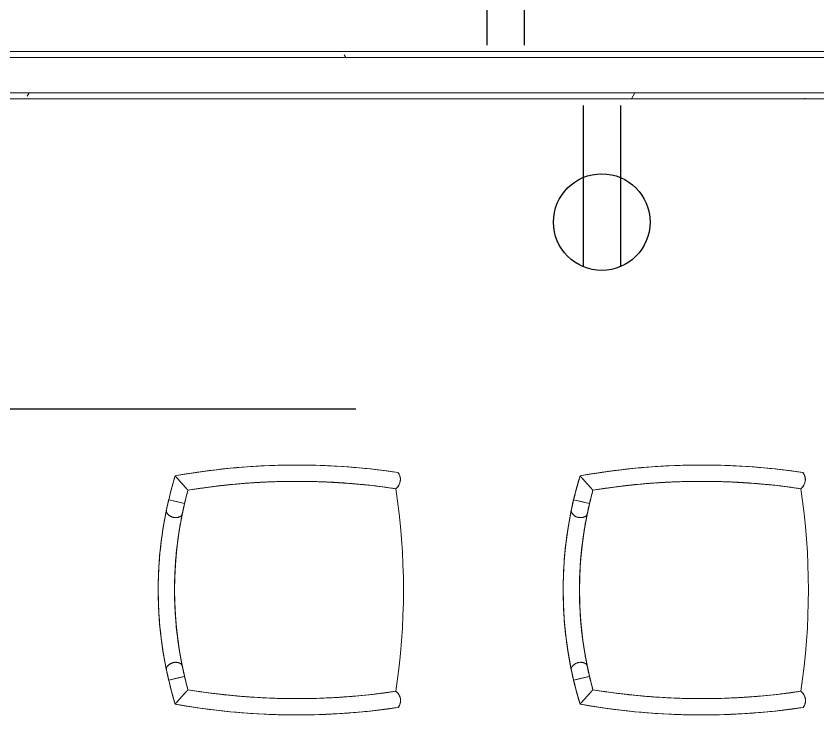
# Model space of a CAD drawing. Header units: inches. Extents: x 25273 to 28081, y 11840 to 13753.
# Drawn here: x 25592.6 to 25674.8, y 12340.8 to 12412.4 of the extents above; entities that cross this region are included whole.
import ezdxf
from ezdxf.xclip import XClip

# ---------------------------------------------------------------- set-up
doc = ezdxf.new("R2010")
doc.units = ezdxf.units.IN
doc.header["$MEASUREMENT"] = 0
doc.header["$XCLIPFRAME"] = 2
doc.linetypes.add('L1$0$Plaza America BA02$0$CENTER2', pattern=[1.125, 0.75, -0.125, 0.125, -0.125])
doc.linetypes.add('L1$0$SAG 02ATL Ste230PHII$0$CENTER2', pattern=[1.125, 0.75, -0.125, 0.125, -0.125])
doc.layers.add('L1$0$Plaza America BA02$0$A-Column grid', color=252, linetype='L1$0$Plaza America BA02$0$CENTER2')
doc.layers.add('L1$0$SAG 02ATL Ste230PHII$0$A-Column grid', color=252, linetype='L1$0$SAG 02ATL Ste230PHII$0$CENTER2')
for name, color, linetype, lineweight in [('X1$0$A-ANNO-NOTE', 131, 'Continuous', 30), ('X1$0$A-WALL', 113, 'Continuous', 13), ('X1$0$A-WALL-PATT', 111, 'Continuous', 13), ('X1$0$I-FURN', 30, 'Continuous', 9), ('X1$0$I-WALL', 2, 'Continuous', 13), ('X1$0$Plaza America_Tower 1_2nd Floor -REVIT_dwg', 8, 'Continuous', 9)]:
    doc.layers.add(name, color=color, linetype=linetype, lineweight=lineweight)
pattern_1 = [(0, (0, 0), (30.72, 7.68), [1.267, -21.773, 1.267, -21.773, -122.88]), (0, (0, 0), (30.72, 7.68), [-46.08, 1.267, -44.813, 1.267, -21.773, -53.76]), (0, (0, 0), (30.72, 7.68), [-115.2, 1.267, -14.093, 1.267, -37.133]), (120, (11.52, 3.84), (-22.011075, 22.7643004), [1.267, -21.773, 1.267, -21.773, -122.88]), (120, (11.52, 3.84), (-22.011075, 22.7643004), [-46.08, 1.267, -44.813, 1.267, -21.773, -53.76]), (120, (11.52, 3.84), (-22.011075, 22.7643004), [-115.2, 1.267, -14.093, 1.267, -37.133]), (240, (15.36, 19.2), (-8.708925, -30.4443004), [1.267, -21.773, 1.267, -21.773, -122.88]), (240, (15.36, 19.2), (-8.708925, -30.4443004), [-46.08, 1.267, -44.813, 1.267, -21.773, -53.76]), (240, (15.36, 19.2), (-8.708925, -30.4443004), [-115.2, 1.267, -14.093, 1.267, -37.133])]

# ---------------------------------------------------------------- blocks, each defined once
blk = doc.blocks.new('L1')
at = {"layer": 'L1$0$Plaza America BA02$0$A-Column grid'}
blk.add_line((25364.904, 12372.168), (25627.435, 12372.168), dxfattribs=at)
at = {"layer": 'L1$0$SAG 02ATL Ste230PHII$0$A-Column grid', "linetype": 'Continuous'}
blk.add_line((25364.904, 12372.168), (25627.435, 12372.168), dxfattribs=at)
blk = doc.blocks.new('X1$0$F-Chairs1 - Side 05-V57-FIRST FLOOR POWER _ SIGNAL')
at = {"layer": 'X1$0$I-FURN'}
for p, q in [((-9.196, -1.062), (-9.242, -1.073)), ((-8.858, -2.702), (-9.242, -1.073)), ((-9.242, -1.073), (-9.05, -1.887)), ((-9.235, -1.101), (-8.865, -2.674)), ((-8.865, -2.674), (-9.235, -1.101)), ((9.242, -1.073), (8.858, -2.702)), ((9.235, -1.101), (8.863, -2.681)), ((8.863, -2.681), (9.235, -1.101)), ((9.05, -1.887), (9.242, -1.073)), ((9.242, -1.073), (9.196, -1.062)), ((-9.05, -1.887), (-8.865, -2.674)), ((-2.015, -1.726), (-2.068, -1.729)), ((-2.068, -1.729), (-2.015, -1.726)), ((-1.939, -1.722), (-1.877, -1.719)), ((1.877, -1.719), (1.939, -1.722)), ((2.068, -1.729), (2.015, -1.726)), ((2.015, -1.726), (2.068, -1.729)), ((8.863, -2.681), (9.05, -1.887)), ((-10.224, -3.05), (-8.858, -2.702)), ((-8.865, -2.674), (-8.858, -2.702)), ((8.858, -2.702), (8.863, -2.681)), ((8.858, -2.702), (10.224, -3.05))]:
    blk.add_line(p, q, dxfattribs=at)
at = {"layer": 'X1$0$I-FURN', "flags": 128}
for points in [[(8.177, -0.838), (6.591, -0.542), (4.995, -0.31), (3.39, -0.143), (1.78, -0.039), (0.167, 0), (-1.446, -0.026), (-3.056, -0.116), (-4.662, -0.27), (-6.261, -0.489), (-7.849, -0.771), (-8.177, -0.838)], [(-9.242, -1.073), (-10.804, -1.474), (-11.695, -1.733)], [(11.695, -1.733), (10.142, -1.296), (9.242, -1.073)], [(-11.695, -1.733), (-12.139, -4.522), (-12.47, -7.326), (-12.689, -10.142), (-12.795, -12.964), (-12.788, -15.788), (-12.669, -18.609), (-12.436, -21.424), (-12.091, -24.227), (-12.036, -24.605)], [(-7.794, -2.467), (-6.273, -2.186), (-4.743, -1.965), (-3.205, -1.806), (-1.661, -1.709), (-0.115, -1.673), (1.431, -1.7), (2.975, -1.788), (4.514, -1.938), (6.046, -2.149), (7.568, -2.421), (7.794, -2.467)], [(12.04, -24.579), (12.399, -21.778), (12.645, -18.965), (12.779, -16.144), (12.8, -13.32), (12.708, -10.498), (12.504, -7.681), (12.187, -4.875), (11.757, -2.084), (11.695, -1.733)], [(-10.381, -24.358), (-10.732, -21.624), (-10.974, -18.877), (-11.106, -16.123), (-11.128, -13.366), (-11.039, -10.611), (-10.84, -7.861), (-10.531, -5.121), (-10.224, -3.05)], [(10.224, -3.05), (10.616, -5.779), (10.898, -8.521), (11.07, -11.273), (11.132, -14.029), (11.084, -16.786), (10.926, -19.539), (10.658, -22.283), (10.381, -24.358)], [(-12.036, -24.605), (-12.011, -24.623), (-11.94, -24.669), (-11.833, -24.726), (-11.696, -24.78), (-11.533, -24.821), (-11.35, -24.838), (-11.157, -24.825)], [(-11.157, -24.825), (-10.968, -24.781), (-10.798, -24.711), (-10.654, -24.625), (-10.539, -24.533), (-10.454, -24.448), (-10.4, -24.383), (-10.381, -24.358)], [(10.381, -24.358), (10.4, -24.383), (10.454, -24.446), (10.54, -24.529), (10.655, -24.619), (10.8, -24.703), (10.97, -24.77), (11.158, -24.812)], [(11.158, -24.812), (11.352, -24.823), (11.536, -24.804), (11.699, -24.761), (11.836, -24.705), (11.943, -24.646), (12.014, -24.598), (12.04, -24.579)]]:
    blk.add_lwpolyline(points, dxfattribs=at)
at = {"layer": 'X1$0$I-FURN'}
for centre, radius, start, end in [((0, -40.335), 40.335, 73.14459, 106.85541), ((0, -40.335), 40.335, 99.35377, 101.59885), ((0, -40.335), 40.335, 97.51775, 99.35377), ((0, -40.335), 40.335, 93.39404, 97.51775), ((0, -40.335), 40.335, 92.51187, 93.39404), ((0, -40.335), 40.335, 87.48813, 92.51187), ((0, -40.335), 40.335, 86.60596, 87.48813), ((0, -40.335), 40.335, 82.48225, 86.60596), ((0, -40.335), 40.335, 80.64623, 82.48225), ((0, -40.335), 40.335, 78.40115, 80.64623), ((0, -40.335), 40.335, 103.24546, 106.85541), ((0, -40.335), 40.335, 102.9888, 103.17895), ((0, -40.335), 40.335, 102.67749, 102.98789), ((0, -40.335), 40.335, 102.24868, 102.6744), ((0, -40.335), 40.335, 101.65333, 102.18837), ((0, -40.335), 40.335, 77.81163, 78.34667), ((0, -40.335), 40.335, 77.3256, 77.75132), ((0, -40.335), 40.335, 77.01211, 77.32251), ((0, -40.335), 40.335, 76.86366, 77.0112), ((0, -40.335), 40.335, 73.14459, 76.75454), ((57.799, -14.206), 70.605, 169.82435, 179.00397), ((57.799, -14.206), 70.605, 169.82435, 173.55311), ((0, -40.335), 38.662, 74.66605, 105.33395), ((0, -40.335), 38.662, 100.11219, 105.33395), ((0, -40.335), 38.662, 100.11219, 105.33395), ((0, -40.335), 38.662, 100.71668, 103.24546), ((0, -40.335), 38.662, 99.32865, 100.71668), ((0, -40.335), 38.662, 99.58009, 100.11219), ((0, -40.335), 38.662, 99.58009, 100.11219), ((0, -40.335), 38.662, 99.32602, 99.58009), ((0, -40.335), 38.662, 99.32602, 99.58009), ((0, -40.335), 38.662, 98.91035, 99.32865), ((0, -40.335), 38.662, 98.97244, 99.32602), ((0, -40.335), 38.662, 99.20037, 99.32602), ((0, -40.335), 38.662, 98.97244, 99.20037), ((0, -40.335), 38.662, 98.34809, 98.97244), ((0, -40.335), 38.662, 98.34809, 98.97244), ((0, -40.335), 38.662, 98.63318, 98.91035), ((0, -40.335), 38.662, 98.30817, 98.61011), ((0, -40.335), 38.662, 98.14781, 98.34809), ((0, -40.335), 38.662, 98.14781, 98.34809), ((0, -40.335), 38.662, 97.67378, 98.30817), ((0, -40.335), 38.662, 94.04497, 98.14781), ((0, -40.335), 38.662, 94.04497, 98.14781), ((0, -40.335), 38.662, 97.50128, 97.67378), ((0, -40.335), 38.662, 96.83662, 97.50128), ((0, -40.335), 38.662, 94.28666, 96.83662), ((0, -40.335), 38.662, 93.73147, 94.28666), ((0, -40.335), 38.662, 93.117, 94.04497), ((0, -40.335), 38.662, 93.117, 94.04497), ((0, -40.335), 38.662, 93.09719, 93.73147), ((0, -40.335), 38.662, 92.87471, 93.08387), ((0, -40.335), 38.662, 92.75495, 92.98747), ((0, -40.335), 38.662, 92.75495, 92.98747), ((0, -40.335), 38.662, 92.65774, 92.78248), ((0, -40.335), 38.662, 87.24505, 92.75495), ((0, -40.335), 38.662, 87.24505, 92.75495), ((0, -40.335), 38.662, 92.49858, 92.63985), ((0, -40.335), 38.662, 87.51483, 92.48517), ((0, -40.335), 38.662, 87.36015, 87.49362), ((0, -40.335), 38.662, 87.21752, 87.34226), ((0, -40.335), 38.662, 87.01253, 87.24505), ((0, -40.335), 38.662, 87.01253, 87.24505), ((0, -40.335), 38.662, 86.95082, 87.12529), ((0, -40.335), 38.662, 86.26853, 86.90281), ((0, -40.335), 38.662, 85.95503, 86.883), ((0, -40.335), 38.662, 85.95503, 86.883), ((0, -40.335), 38.662, 85.71334, 86.26853), ((0, -40.335), 38.662, 81.85219, 85.95503), ((0, -40.335), 38.662, 81.85219, 85.95503), ((0, -40.335), 38.662, 83.16338, 85.71334), ((0, -40.335), 38.662, 82.49872, 83.16338), ((0, -40.335), 38.662, 82.32622, 82.49872), ((0, -40.335), 38.662, 81.69183, 82.32622), ((0, -40.335), 38.662, 81.65191, 81.85219), ((0, -40.335), 38.662, 81.65191, 81.85219), ((0, -40.335), 38.662, 81.36682, 81.69183), ((0, -40.335), 38.662, 81.02756, 81.65191), ((0, -40.335), 38.662, 81.02756, 81.65191), ((0, -40.335), 38.662, 81.08965, 81.36682), ((0, -40.335), 38.662, 80.67135, 81.08965), ((0, -40.335), 38.662, 80.67398, 81.02756), ((0, -40.335), 38.662, 80.67398, 81.02756), ((0, -40.335), 38.662, 80.41991, 80.67398), ((0, -40.335), 38.662, 80.41991, 80.67398), ((0, -40.335), 38.662, 79.28332, 80.67135), ((0, -40.335), 38.662, 79.88781, 80.41991), ((0, -40.335), 38.662, 79.88781, 80.41991), ((0, -40.335), 38.662, 74.66605, 79.88781), ((0, -40.335), 38.662, 74.66605, 79.88781), ((0, -40.335), 38.662, 76.75454, 79.28332), ((-57.799, -14.206), 70.605, 0.99603, 10.17565), ((-57.799, -14.206), 70.605, 6.451, 10.17565), ((57.799, -14.206), 68.932, 170.68555, 178.94943), ((57.799, -14.206), 68.932, 170.68555, 174.96828), ((57.799, -14.206), 68.932, 170.68555, 174.81749), ((57.799, -14.206), 68.932, 170.68555, 174.79891), ((0, -40.335), 38.662, 103.24546, 105.33395), ((0, -40.335), 38.662, 74.66605, 76.75454), ((-57.799, -14.206), 68.932, 1.05057, 9.31445), ((-57.799, -14.206), 68.932, 5.03172, 9.31445), ((-57.799, -14.206), 68.932, 5.03172, 9.31445), ((-57.799, -14.206), 68.932, 5.20087, 9.31445), ((57.799, -14.206), 70.605, 173.55332, 177.28193), ((-57.799, -14.206), 70.605, 2.72629, 6.4509), ((57.799, -14.206), 68.932, 174.98081, 176.40402), ((57.799, -14.206), 68.932, 174.98081, 176.40402), ((57.799, -14.206), 68.932, 174.98038, 175.13107), ((57.799, -14.206), 68.932, 174.80686, 174.98038), ((57.799, -14.206), 68.932, 174.81749, 174.96828), ((-57.799, -14.206), 68.932, 5.01953, 5.19293), ((-57.799, -14.206), 68.932, 4.86871, 5.01953), ((-57.799, -14.206), 68.932, 3.59598, 5.01919), ((-57.799, -14.206), 68.932, 3.59598, 5.01919), ((57.799, -14.206), 68.932, 175.13146, 176.40416), ((-57.799, -14.206), 68.932, 3.59571, 4.86854), ((57.799, -14.206), 68.932, 176.40402, 178.94943), ((57.799, -14.206), 68.932, 176.40402, 178.94943), ((57.799, -14.206), 68.932, 176.40416, 178.92047), ((-57.799, -14.206), 68.932, 1.85643, 3.59598), ((-57.799, -14.206), 68.932, 1.85643, 3.59598), ((-57.799, -14.206), 68.932, 1.40712, 3.59571), ((57.799, -14.206), 70.605, 177.28228, 178.87472), ((-57.799, -14.206), 70.605, 359.00156, 2.72616), ((-57.799, -14.206), 68.932, 1.34675, 1.85643), ((-57.799, -14.206), 68.932, 1.34675, 1.85643), ((57.799, -14.206), 70.605, 178.90345, 181.01076), ((57.799, -14.206), 70.605, 179.00397, 188.46918), ((57.799, -14.206), 68.932, 178.94943, 188.46918), ((57.799, -14.206), 68.932, 178.94943, 179.25127), ((57.799, -14.206), 68.932, 178.94943, 179.25127), ((57.799, -14.206), 68.932, 178.96994, 179.25042), ((-57.799, -14.206), 68.932, 351.53082, 1.05057), ((-57.799, -14.206), 68.932, 1.07911, 1.40712), ((-57.799, -14.206), 68.932, 1.05057, 1.34675), ((-57.799, -14.206), 68.932, 1.05057, 1.34675), ((-57.799, -14.206), 68.932, 0.88116, 1.05057), ((-57.799, -14.206), 68.932, 0.88116, 1.05057), ((-57.799, -14.206), 68.932, 0.74938, 1.02966), ((-57.799, -14.206), 68.932, 0.74873, 0.88116), ((-57.799, -14.206), 68.932, 0.74873, 0.88116), ((-57.799, -14.206), 70.605, 351.53082, 0.99603), ((57.799, -14.206), 68.932, 179.25127, 182.33188), ((57.799, -14.206), 68.932, 179.25127, 182.33188), ((57.799, -14.206), 68.932, 179.70845, 182.3298), ((57.799, -14.206), 68.932, 179.57736, 179.70845), ((57.799, -14.206), 68.932, 179.25042, 179.54756), ((-57.799, -14.206), 68.932, 0.42286, 0.74938), ((-57.799, -14.206), 68.932, 0.19122, 0.74873), ((-57.799, -14.206), 68.932, 0.19122, 0.74873), ((-57.799, -14.206), 68.932, 359.73817, 0.42264), ((-57.799, -14.206), 68.932, 357.66812, 0.19122), ((-57.799, -14.206), 68.932, 357.66812, 0.19122), ((-57.799, -14.206), 68.932, 357.66849, 359.73817), ((57.799, -14.206), 70.605, 181.01125, 184.73961), ((-57.799, -14.206), 70.605, 355.27682, 359.00142), ((57.799, -14.206), 68.932, 182.3298, 183.71571), ((57.799, -14.206), 68.932, 182.33188, 183.62751), ((57.799, -14.206), 68.932, 182.33188, 183.62751), ((-57.799, -14.206), 68.932, 356.28366, 357.66849), ((-57.799, -14.206), 68.932, 356.32675, 357.66812), ((-57.799, -14.206), 68.932, 356.32675, 357.66812), ((57.799, -14.206), 68.932, 183.62751, 183.85438), ((57.799, -14.206), 68.932, 183.62751, 183.85438), ((57.799, -14.206), 68.932, 183.72166, 183.85993), ((57.799, -14.206), 68.932, 183.86069, 188.46918), ((57.799, -14.206), 68.932, 183.86069, 188.46918), ((57.799, -14.206), 68.932, 183.86444, 184.02236), ((-57.799, -14.206), 68.932, 351.53082, 356.13931), ((-57.799, -14.206), 68.932, 351.53082, 356.13931), ((-57.799, -14.206), 68.932, 355.97699, 356.13974), ((-57.799, -14.206), 68.932, 356.13974, 356.27773), ((-57.799, -14.206), 68.932, 356.13931, 356.25766), ((-57.799, -14.206), 68.932, 356.13931, 356.25766), ((57.799, -14.206), 68.932, 184.02327, 184.2414), ((57.799, -14.206), 68.932, 184.2414, 188.46918), ((-57.799, -14.206), 68.932, 351.53082, 355.97673), ((57.799, -14.206), 70.605, 184.74021, 188.46918), ((-57.799, -14.206), 70.605, 351.55193, 355.27667), ((-11.331, -23.657), 1.181, 233.3697, 323.56865), ((-11.331, -23.657), 1.181, 234.77955, 238.71788), ((-11.331, -23.657), 1.181, 298.8314, 305.14921), ((-11.331, -23.657), 1.181, 305.17348, 309.73653), ((-11.331, -23.657), 1.181, 312.22703, 318.25956), ((-11.331, -23.657), 1.181, 318.27425, 322.17824), ((0, 44.544), 69.68, 261.43212, 278.56788), ((0, 44.544), 69.68, 261.43212, 278.56788), ((0, 44.544), 69.68, 261.43212, 278.56788), ((11.32, -23.642), 1.181, 217.31497, 307.52747), ((11.32, -23.642), 1.181, 218.68488, 222.53793), ((11.32, -23.642), 1.181, 222.53959, 228.51109), ((11.32, -23.642), 1.181, 231.17288, 235.54281), ((11.32, -23.642), 1.181, 235.54981, 243.08997), ((11.32, -23.642), 1.181, 295.98563, 302.08638), ((11.32, -23.642), 1.181, 302.10845, 306.09567), ((-11.331, -23.657), 1.181, 238.72535, 244.75805), ((-11.331, -23.657), 1.181, 247.19774, 251.83552), ((-11.331, -23.657), 1.181, 251.85542, 258.06389), ((-11.331, -23.657), 1.181, 260.1402, 269.05973), ((-11.331, -23.657), 1.181, 274.08568, 278.51039), ((-11.331, -23.657), 1.181, 278.52817, 282.86212), ((-11.331, -23.657), 1.181, 287.97577, 296.86899), ((11.32, -23.642), 1.181, 243.80536, 252.68118), ((11.32, -23.642), 1.181, 257.97688, 262.10711), ((11.32, -23.642), 1.181, 262.11736, 266.80391), ((11.32, -23.642), 1.181, 271.6031, 280.54776), ((11.32, -23.642), 1.181, 282.95037, 288.86495), ((11.32, -23.642), 1.181, 288.88336, 293.73193)]:
    blk.add_arc(centre, radius, start, end, dxfattribs=at)
for points, knots in [([(-9.242, -1.073), (-9.241, -1.073), (-9.21, -1.066), (-9.058, -1.03), (-8.742, -0.958), (-8.385, -0.881), (-8.177, -0.838)], [0, 0, 0, 0, 0.2, 0.4, 0.7, 1, 1, 1, 1]), ([(-8.177, -0.838), (-8.11, -0.825), (-8.002, -0.838), (-7.863, -0.912), (-7.786, -0.97), (-7.727, -1.022), (-7.68, -1.072), (-7.644, -1.116), (-7.61, -1.163), (-7.567, -1.227), (-7.521, -1.312), (-7.483, -1.399), (-7.452, -1.494), (-7.428, -1.594), (-7.415, -1.685), (-7.41, -1.768), (-7.412, -1.846), (-7.419, -1.921), (-7.429, -1.991), (-7.445, -2.056), (-7.465, -2.119), (-7.489, -2.177), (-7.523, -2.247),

■ ABOUT THIS EXERCISE: Copy each line of the preceding material that contains "import".

■ OUTPUT FOR THIS TASK:
import ezdxf
from ezdxf.xclip import XClip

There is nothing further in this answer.